Beta-blocker therapy in pediatric intensive care: Safety and efficacy of propranolol for persistent tachycardia

Objective Tachycardia is common in pediatric intensive care and may contribute to hemodynamic instability when persistent despite adequate resuscitation. Data on β-blocker therapy in critically ill children are limited. Our objective was to evaluate the safety and hemodynamic effects of propranolol in critically ill pediatric patients with persistent sinus tachycardia. Methods Retrospective cohort study of children aged 1 month to 18 years who received propranolol in a tertiary-care pediatric intensive care unit between March 1, 2019, and March 1, 2024. The inclusion criteria were heart rate ≥2 standard deviations above age norms that persisted despite adequate resuscitation and conventional treatments. Patients with primary cardiac disease or a history of β-blocker use were excluded. Propranolol was administered orally or via a nasogastric tube at a dose of 1 mg/kg/day for persistent sinus tachycardia despite normothermia, adequate sedation-analgesia, and standard hemodynamic support. The primary outcome was the change in heart rate over 48 h.
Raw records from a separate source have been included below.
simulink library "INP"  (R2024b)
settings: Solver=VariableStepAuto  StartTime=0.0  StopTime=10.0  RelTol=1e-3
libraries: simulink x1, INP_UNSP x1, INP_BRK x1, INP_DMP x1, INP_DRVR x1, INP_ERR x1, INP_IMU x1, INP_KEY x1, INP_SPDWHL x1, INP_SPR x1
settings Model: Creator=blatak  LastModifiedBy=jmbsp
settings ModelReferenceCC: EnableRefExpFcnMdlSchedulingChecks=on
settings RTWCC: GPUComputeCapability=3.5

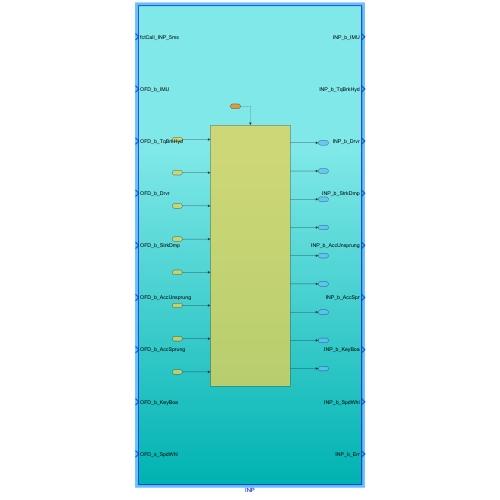
[thumbnail: Simulink's stored preview of the top-level diagram]
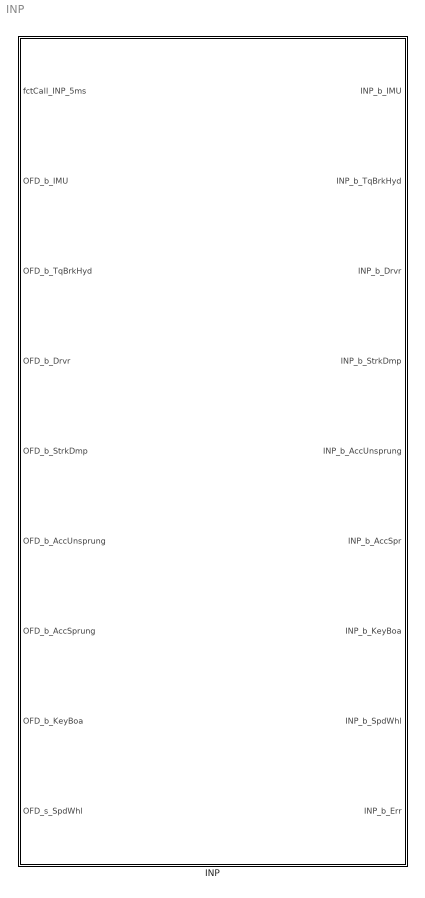
== system INP ==
  INP : Subsystem

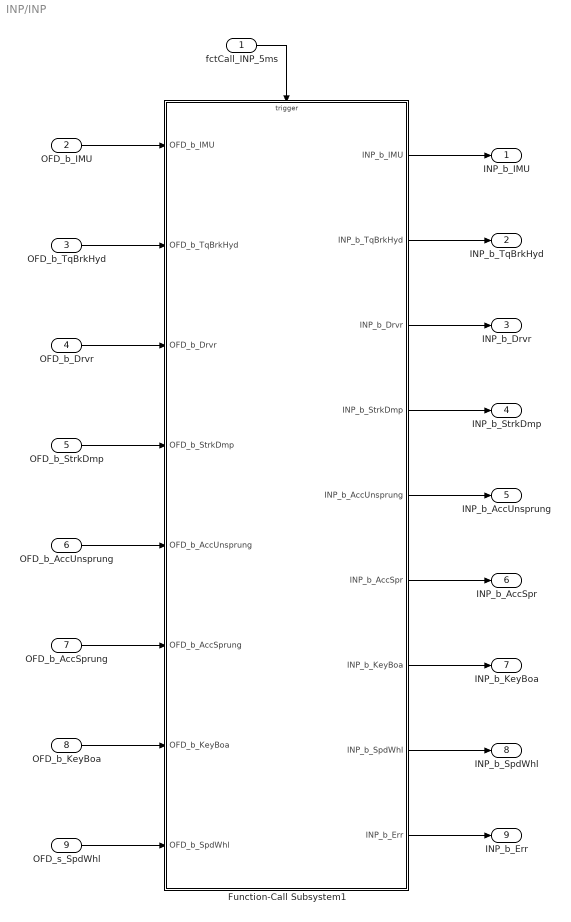
== system INP/INP ==
  fctCall_INP_5ms : Inport
  OFD_b_IMU : Inport  Port=2
  OFD_b_TqBrkHyd : Inport  Port=3
  OFD_b_Drvr : Inport  Port=4
  OFD_b_StrkDmp : Inport  Port=5
  OFD_b_AccUnsprung : Inport  Port=6
  OFD_b_AccSprung : Inport  Port=7
  OFD_b_KeyBoa : Inport  Port=8
  OFD_s_SpdWhl : Inport  Port=9
  Function-Call Subsystem1 : Subsystem  TreatAsAtomicUnit=on
  INP_b_IMU : Outport
  INP_b_TqBrkHyd : Outport  Port=2
  INP_b_Drvr : Outport  Port=3
  INP_b_StrkDmp : Outport  Port=4
  INP_b_AccUnsprung : Outport  Port=5
  INP_b_AccSpr : Outport  Port=6
  INP_b_KeyBoa : Outport  Port=7
  INP_b_SpdWhl : Outport  Port=8
  INP_b_Err : Outport  Port=9
  wires:
  Function-Call Subsystem1/7(INP_b_KeyBoa) -> INP_b_KeyBoa/1
  Function-Call Subsystem1/2(INP_b_TqBrkHyd) -> INP_b_TqBrkHyd/1
  Function-Call Subsystem1/5(INP_b_AccUnsprung) -> INP_b_AccUnsprung/1
  fctCall_INP_5ms/1 -> Function-Call Subsystem1/Trigger
  Function-Call Subsystem1/6(INP_b_AccSpr) -> INP_b_AccSpr/1
  OFD_b_Drvr/1 -> Function-Call Subsystem1/3(OFD_b_Drvr)
  Function-Call Subsystem1/3(INP_b_Drvr) -> INP_b_Drvr/1
  OFD_b_AccUnsprung/1 -> Function-Call Subsystem1/5(OFD_b_AccUnsprung)
  OFD_b_KeyBoa/1 -> Function-Call Subsystem1/7(OFD_b_KeyBoa)
  Function-Call Subsystem1/4(INP_b_StrkDmp) -> INP_b_StrkDmp/1
  OFD_b_StrkDmp/1 -> Function-Call Subsystem1/4(OFD_b_StrkDmp)
  OFD_b_TqBrkHyd/1 -> Function-Call Subsystem1/2(OFD_b_TqBrkHyd)
  OFD_b_AccSprung/1 -> Function-Call Subsystem1/6(OFD_b_AccSprung)
  Function-Call Subsystem1/1(INP_b_IMU) -> INP_b_IMU/1
  OFD_b_IMU/1 -> Function-Call Subsystem1/1(OFD_b_IMU)
  Function-Call Subsystem1/9(INP_b_Err) -> INP_b_Err/1
  OFD_s_SpdWhl/1 -> Function-Call Subsystem1/8(OFD_b_SpdWhl)
  Function-Call Subsystem1/8(INP_b_SpdWhl) -> INP_b_SpdWhl/1

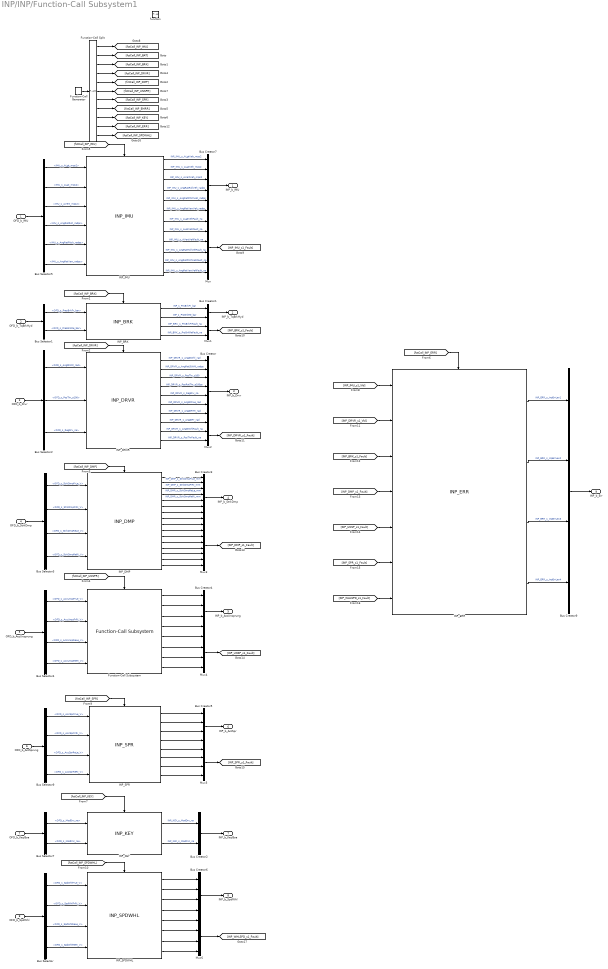
== system INP/INP/Function-Call Subsystem1 ==
  OFD_b_IMU : Inport
  OFD_b_TqBrkHyd : Inport  Port=2
  OFD_b_Drvr : Inport  Port=3
  OFD_b_StrkDmp : Inport  Port=4
  OFD_b_AccUnsprung : Inport  Port=5
  OFD_b_AccSprung : Inport  Port=6
  OFD_b_KeyBoa : Inport  Port=7
  OFD_b_SpdWhl : Inport  Port=8
  function : TriggerPort  TriggerType=function-call  VariantControl=(inherit)
  Bus Creator : BusCreator  Inputs=8  OutDataTypeStr=Bus: INP_b_Drvr
      settings: InheritFromInputs=off
  Bus Creator1 : BusCreator  Inputs=2  OutDataTypeStr=Bus: INP_b_TqBrkHyd
      settings: InheritFromInputs=off
  Bus Creator2 : BusCreator  Inputs=2  OutDataTypeStr=Bus: INP_b_KeyBoa
      settings: InheritFromInputs=off
  Bus Creator3 : BusCreator  Inputs=8  OutDataTypeStr=Bus: INP_b_StrkDmp
      settings: InheritFromInputs=off
  Bus Creator4 : BusCreator  Inputs=4  OutDataTypeStr=Bus: INP_b_AccUnsp
      settings: InheritFromInputs=off
  Bus Creator5 : BusCreator  Inputs=4  OutDataTypeStr=Bus: INP_b_AccSpr
      settings: InheritFromInputs=off
  Bus Creator6 : BusCreator  Inputs=4  OutDataTypeStr=Bus: INP_b_SpdWhl
      settings: InheritFromInputs=off
  Bus Creator7 : BusCreator  Inputs=6  OutDataTypeStr=Bus: INP_b_IMU
      settings: InheritFromInputs=off
  Bus Creator9 : BusCreator  Inputs=4  OutDataTypeStr=Bus: INP_b_Err
      settings: InheritFromInputs=off
  Bus Selector : BusSelector  OutputSignals=OFD_s_SpdWhlFrLe_V,OFD_s_SpdWhlFrRi_V,OFD_s_SpdWhlReLe_V,OFD_s_SpdWhlReRi_V
  Bus Selector1 : BusSelector  OutputSignals=OFD_s_PresBrkFr_bar,OFD_s_PresBrkRe_bar
  Bus Selector2 : BusSelector  OutputSignals=OFD_s_AngStWhl_rad,OFD_s_PosThr_p100,OFD_s_RegDrv_na
  Bus Selector3 : BusSelector  OutputSignals=OFD_s_StrkDmpFrLe_V,OFD_s_StrkDmpFrRi_V,OFD_s_StrkDmpReLe_V,OFD_s_StrkDmpReRi_V
  Bus Selector4 : BusSelector  OutputSignals=OFD_s_AccUnspFrLe_V,OFD_s_AccUnspFrRi_V,OFD_s_AccUnspReLe_V,OFD_s_AccUnspReRi_V
  Bus Selector5 : BusSelector  OutputSignals=IMU_s_ALgt_mps2,IMU_s_ALat_mps2,IMU_s_AVert_mps2,IMU_s_AngRatRoll_radps,IMU_s_AngRatPitch_radps,IMU_s_AngRatYaw_radps
  Bus Selector7 : BusSelector  OutputSignals=OFD_s_ModDrv_na,OFD_s_ModFric_na
  Bus Selector9 : BusSelector  OutputSignals=OFD_s_AccSprFrLe_V,OFD_s_AccSprFrRi_V,OFD_s_AccSprReLe_V,OFD_s_AccSprReRi_V
  Function-Call Generator : simulink/Ports & Subsystems/Function-Call Generator  sample_time=-1  numberOfIterations=1  DisallowWideOutput=off
  Function-Call Split : FunctionCallSplit  IconShape=distinctive  NumOutputPorts=11  OutputPortLayout=default
  Function-Call Subsystem : INP_UNSP/Function-Call Subsystem  SystemSampleTime=-1  VariantActivationTime=update diagram  AllowFlexibleInterface=on  Latency=0  AutoFrameSizeCalculation=off
  INP_BRK : INP_BRK/INP_BRK  SystemSampleTime=-1  VariantActivationTime=update diagram  AllowFlexibleInterface=on  Latency=0  AutoFrameSizeCalculation=off
  INP_DMP : INP_DMP/INP_DMP  SystemSampleTime=-1  VariantActivationTime=update diagram  AllowFlexibleInterface=on  Latency=0  AutoFrameSizeCalculation=off
  INP_DRVR : INP_DRVR/INP_DRVR  SystemSampleTime=-1  VariantActivationTime=update diagram  AllowFlexibleInterface=on  Latency=0  AutoFrameSizeCalculation=off
  INP_ERR : INP_ERR/INP_ERR  SystemSampleTime=-1  VariantActivationTime=update diagram  AllowFlexibleInterface=on  Latency=0  AutoFrameSizeCalculation=off
  INP_IMU : INP_IMU/INP_IMU  SystemSampleTime=-1  VariantActivationTime=update diagram  AllowFlexibleInterface=on  Latency=0  AutoFrameSizeCalculation=off
  INP_KEY : INP_KEY/INP_KEY  SystemSampleTime=-1  VariantActivationTime=update diagram  AllowFlexibleInterface=on  Latency=0  AutoFrameSizeCalculation=off
  INP_SPDWHL : INP_SPDWHL/INP_SPDWHL  SystemSampleTime=-1  VariantActivationTime=update diagram  AllowFlexibleInterface=on  Latency=0  AutoFrameSizeCalculation=off
  INP_SPR : INP_SPR/INP_SPR  SystemSampleTime=-1  VariantActivationTime=update diagram  AllowFlexibleInterface=on  Latency=0  AutoFrameSizeCalculation=off
  Mux : Mux  Inputs=6
  Mux1 : Mux  Inputs=2
  Mux2 : Mux  Inputs=2
  Mux3 : Mux  Inputs=8
  Mux4 : Mux
  Mux5 : Mux
  Mux6 : Mux
  INP_b_IMU : Outport
  INP_b_TqBrkHyd : Outport  Port=2
  INP_b_Drvr : Outport  Port=3
  INP_b_StrkDmp : Outport  Port=4
  INP_b_AccUnsprung : Outport  Port=5
  INP_b_AccSpr : Outport  Port=6
  INP_b_KeyBoa : Outport  Port=7
  INP_b_SpdWhl : Outport  Port=8
  INP_b_Err : Outport  Port=9
  wires:
  Function-Call Generator/1 -> Function-Call Split/1
  Function-Call Split/2 -> [fctCall_INP_BAT]
  Function-Call Split/3 -> [fctCall_INP_BRK]
  Function-Call Split/5 -> [fctCall_INP_DMP]
  Function-Call Split/4 -> [fctCall_INP_DRVR]
  [fctCall_INP_KEY] -> INP_KEY/Trigger
  [fctCall_INP_UNSPR] -> Function-Call Subsystem/Trigger
  [fctCall_INP_DMP] -> INP_DMP/Trigger
  [fctCall_INP_DRVR] -> INP_DRVR/Trigger
  [fctCall_INP_BRK] -> INP_BRK/Trigger
  INP_BRK/1 -> Bus Creator1/1  "INP_s_PrsBrkFr_bar"
  INP_BRK/2 -> Bus Creator1/2  "INP_s_PrsBrkRe_bar"
  Bus Creator1/1 -> INP_b_TqBrkHyd/1
  INP_DRVR/1 -> Bus Creator/1  "INP_DRVR_s_AngStWhl_rad"
  Bus Creator3/1 -> INP_b_StrkDmp/1
  Bus Creator2/1 -> INP_b_KeyBoa/1
  Bus Selector1/1 -> INP_BRK/1  "<OFD_s_PresBrkFr_bar>"
  Bus Selector1/2 -> INP_BRK/2  "<OFD_s_PresBrkRe_bar>"
  Bus Selector2/1 -> INP_DRVR/1  "<OFD_s_AngStWhl_rad>"
  Bus Selector2/2 -> INP_DRVR/2  "<OFD_s_PosThr_p100>"
  OFD_b_StrkDmp/1 -> Bus Selector3/1
  OFD_b_AccUnsprung/1 -> Bus Selector4/1
  OFD_b_KeyBoa/1 -> Bus Selector7/1
  OFD_b_Drvr/1 -> Bus Selector2/1
  OFD_b_TqBrkHyd/1 -> Bus Selector1/1
  Bus Creator4/1 -> INP_b_AccUnsprung/1
  Bus Creator/1 -> INP_b_Drvr/1
  Bus Creator5/1 -> INP_b_AccSpr/1
  OFD_b_AccSprung/1 -> Bus Selector9/1
  Function-Call Split/6 -> [fctCall_INP_UNSPR]
  Bus Selector7/1 -> INP_KEY/1  "<OFD_s_ModDrv_na>"
  Bus Selector7/2 -> INP_KEY/2  "<OFD_s_ModFric_na>"
  INP_KEY/1 -> Bus Creator2/1  "INP_KEY_s_ModDrv_na"
  INP_KEY/2 -> Bus Creator2/2  "INP_KEY_s_ModFric_na"
  Function-Call Split/8 -> [fctCall_INP_EMRR]
  Function-Call Split/7 -> [fctCall_INP_SPR]
  Function-Call Split/9 -> [fctCall_INP_KEY]
  INP_IMU/5 -> Bus Creator7/5  "INP_IMU_s_AngRatPitchVeh_radps"
  Bus Selector5/2 -> INP_IMU/2  "<IMU_s_ALat_mps2>"
  INP_IMU/1 -> Bus Creator7/1  "INP_IMU_s_ALgtVeh_mps2"
  Bus Selector5/6 -> INP_IMU/6  "<IMU_s_AngRatYaw_radps>"
  INP_IMU/3 -> Bus Creator7/3  "INP_IMU_s_AVertVeh_mps2"
  INP_IMU/4 -> Bus Creator7/4  "INP_IMU_s_AngRatRollVeh_radps"
  Bus Selector5/5 -> INP_IMU/5  "<IMU_s_AngRatPitch_radps>"
  Bus Selector5/3 -> INP_IMU/3  "<IMU_s_AVert_mps2>"
  Bus Selector5/1 -> INP_IMU/1  "<IMU_s_ALgt_mps2>"
  INP_IMU/2 -> Bus Creator7/2  "INP_IMU_s_ALatVeh_mps2"
  OFD_b_IMU/1 -> Bus Selector5/1
  INP_IMU/6 -> Bus Creator7/6  "INP_IMU_s_AngRatYawVeh_radps"
  Bus Selector5/4 -> INP_IMU/4  "<IMU_s_AngRatRoll_radps>"
  Function-Call Split/1 -> [fctCall_INP_IMU]
  [fctCall_INP_IMU] -> INP_IMU/Trigger
  INP_IMU/12 -> Mux/6  "INP_IMU_s_AngRatYawVehFault_na"
  INP_IMU/11 -> Mux/5  "INP_IMU_s_AngRatPitchVehFault_na"
  INP_IMU/10 -> Mux/4  "INP_IMU_s_AngRatRollVehFault_na"
  INP_IMU/9 -> Mux/3  "INP_IMU_s_AVertVehFault_na"
  INP_IMU/8 -> Mux/2  "INP_IMU_s_ALatVehFault_na"
  INP_IMU/7 -> Mux/1  "INP_IMU_s_ALgtVehFault_na"
  INP_BRK/3 -> Mux1/1  "INP_BRK_s_PrsBrkFrFault_na"
  INP_BRK/4 -> Mux1/2  "INP_BRK_s_PrsBrkReFault_na"
  INP_DRVR/9 -> Mux2/1  "INP_DRVR_s_AngStWhlFault_na"
  Mux/1 -> [INP_IMU_s1_Fault]
  Mux1/1 -> [INP_BRK_s1_Fault]
  Mux2/1 -> [INP_DRVR_s1_Fault]
  Function-Call Split/10 -> [fctCall_INP_ERR]
  [fctCall_INP_ERR] -> INP_ERR/Trigger
  [INP_IMU_s1_Vld] -> INP_ERR/1
  [INP_DRVR_s1_Vld] -> INP_ERR/2
  [INP_BRK_s1_Fault] -> INP_ERR/3
  INP_ERR/1 -> Bus Creator9/1  "INP_ERR_s_InpErrLev1"
  INP_ERR/2 -> Bus Creator9/2  "INP_ERR_s_InpErrLev2"
  INP_ERR/3 -> Bus Creator9/3  "INP_ERR_s_InpErrLev3"
  INP_ERR/4 -> Bus Creator9/4  "INP_ERR_s_InpErrLev4"
  Bus Creator9/1 -> INP_b_Err/1
  Bus Creator7/1 -> INP_b_IMU/1
  Bus Selector3/1 -> INP_DMP/1  "<OFD_s_StrkDmpFrLe_V>"
  Bus Selector3/2 -> INP_DMP/2  "<OFD_s_StrkDmpFrRi_V>"
  Bus Selector3/3 -> INP_DMP/3  "<OFD_s_StrkDmpReLe_V>"
  Bus Selector3/4 -> INP_DMP/4  "<OFD_s_StrkDmpReRi_V>"
  INP_DMP/1 -> Bus Creator3/1  "INP_DMP_s_StrkDmpFrLe_mm"
  INP_DMP/2 -> Bus Creator3/2  "INP_DMP_s_StrkDmpFrRi_mm"
  INP_DMP/3 -> Bus Creator3/3  "INP_DMP_s_StrkDmpReLe_mm"
  INP_DMP/4 -> Bus Creator3/4  "INP_DMP_s_StrkDmpReRi_mm"
  INP_DMP/5 -> Bus Creator3/5
  INP_DMP/6 -> Bus Creator3/6
  INP_DMP/7 -> Bus Creator3/7
  INP_DMP/8 -> Bus Creator3/8
  INP_DMP/9 -> Mux3/1
  INP_DMP/10 -> Mux3/2
  INP_DMP/11 -> Mux3/3
  INP_DMP/12 -> Mux3/4
  INP_DMP/13 -> Mux3/5
  INP_DMP/14 -> Mux3/6
  INP_DMP/15 -> Mux3/7
  INP_DMP/16 -> Mux3/8
  Mux3/1 -> [INP_DMP_s1_Fault]
  Function-Call Subsystem/1 -> Bus Creator4/1
  Function-Call Subsystem/2 -> Bus Creator4/2
  Function-Call Subsystem/3 -> Bus Creator4/3
  Function-Call Subsystem/4 -> Bus Creator4/4
  Bus Selector4/1 -> Function-Call Subsystem/1  "<OFD_s_AccUnspFrLe_V>"
  Bus Selector4/2 -> Function-Call Subsystem/2  "<OFD_s_AccUnspFrRi_V>"
  Bus Selector4/3 -> Function-Call Subsystem/3  "<OFD_s_AccUnspReLe_V>"
  Bus Selector4/4 -> Function-Call Subsystem/4  "<OFD_s_AccUnspReRi_V>"
  Function-Call Subsystem/5 -> Mux4/1
  Function-Call Subsystem/6 -> Mux4/2
  Function-Call Subsystem/7 -> Mux4/3
  Function-Call Subsystem/8 -> Mux4/4
  Mux4/1 -> [INP_UNSP_s1_Fault]
  Bus Selector9/1 -> INP_SPR/1  "<OFD_s_AccSprFrLe_V>"
  Bus Selector9/2 -> INP_SPR/2  "<OFD_s_AccSprFrRi_V>"
  Bus Selector9/3 -> INP_SPR/3  "<OFD_s_AccSprReLe_V>"
  Bus Selector9/4 -> INP_SPR/4  "<OFD_s_AccSprReRi_V>"
  INP_SPR/1 -> Bus Creator5/1
  INP_SPR/2 -> Bus Creator5/2
  INP_SPR/3 -> Bus Creator5/3
  INP_SPR/4 -> Bus Creator5/4
  INP_SPR/5 -> Mux5/1
  INP_SPR/6 -> Mux5/2
  INP_SPR/7 -> Mux5/3
  INP_SPR/8 -> Mux5/4
  Mux5/1 -> [INP_SPR_s1_Fault]
  [fctCall_INP_SPR] -> INP_SPR/Trigger
  Bus Selector2/3 -> INP_DRVR/3  "<OFD_s_RegDrv_na>"
  INP_DRVR/2 -> Bus Creator/2  "INP_DRVR_s_AngRatStWhl_radps"
  INP_DRVR/3 -> Bus Creator/3  "INP_DRVR_s_PosThr_p100"
  INP_DRVR/4 -> Bus Creator/4  "INP_DRVR_s_PosRatThr_p100ps"
  INP_DRVR/5 -> Bus Creator/5  "INP_DRVR_s_RegDrv_na"
  INP_DRVR/6 -> Bus Creator/6  "INP_DRVR_s_AngStFrLe_rad"
  INP_DRVR/7 -> Bus Creator/7  "INP_DRVR_s_AngStFrRi_rad"
  INP_DRVR/8 -> Bus Creator/8  "INP_DRVR_s_AngStFr_rad"
  INP_DRVR/10 -> Mux2/2  "INP_DRVR_s_PosThrFault_na"
  Function-Call Split/11 -> [fctCall_INP_SPDWHL]
  [fctCall_INP_SPDWHL] -> INP_SPDWHL/Trigger
  INP_SPDWHL/8 -> Mux6/4
  INP_SPDWHL/7 -> Mux6/3
  INP_SPDWHL/6 -> Mux6/2
  INP_SPDWHL/5 -> Mux6/1
  Mux6/1 -> [INP_WHLSPD_s1_Fault]
  Bus Selector/1 -> INP_SPDWHL/1  "<OFD_s_SpdWhlFrLe_V>"
  Bus Selector/2 -> INP_SPDWHL/2  "<OFD_s_SpdWhlFrRi_V>"
  Bus Selector/3 -> INP_SPDWHL/3  "<OFD_s_SpdWhlReLe_V>"
  Bus Selector/4 -> INP_SPDWHL/4  "<OFD_s_SpdWhlReRi_V>"
  OFD_b_SpdWhl/1 -> Bus Selector/1
  INP_SPDWHL/4 -> Bus Creator6/4
  INP_SPDWHL/3 -> Bus Creator6/3
  INP_SPDWHL/2 -> Bus Creator6/2
  INP_SPDWHL/1 -> Bus Creator6/1
  Bus Creator6/1 -> INP_b_SpdWhl/1
  [INP_DMP_s1_Fault] -> INP_ERR/4
  [INP_UNSP_s1_Fault] -> INP_ERR/5
  [INP_SPR_s1_Fault] -> INP_ERR/6
  [INP_WHLSPD_s1_Fault] -> INP_ERR/7

Secondary outcomes included trends in blood pressure, lactate and glucose levels, vasoactive–inotropic score (VIS), and adverse events. Results Among 93 patients (median age, 19 months), propranolol caused a significant reduction in heart rate within 6 h (mean decrease, ∼30 bpm; p < 0.001), with stabilization by 24 h. Systolic (SBP) and diastolic blood pressures (DBP) increased modestly (SBP +7 mmHg; DBP +3 mmHg, p < 0.001), and lactate levels declined significantly at 6 h ( p = 0.003). The VIS did not change significantly. Adverse events were rare (hypotension 2.2%, bradycardia 1.1%). Conclusions In this large pediatric cohort, propranolol was well tolerated and linked to positive hemodynamic and metabolic effects. These results support cautious use in carefully selected critically ill children and emphasize the need for future prospective trials.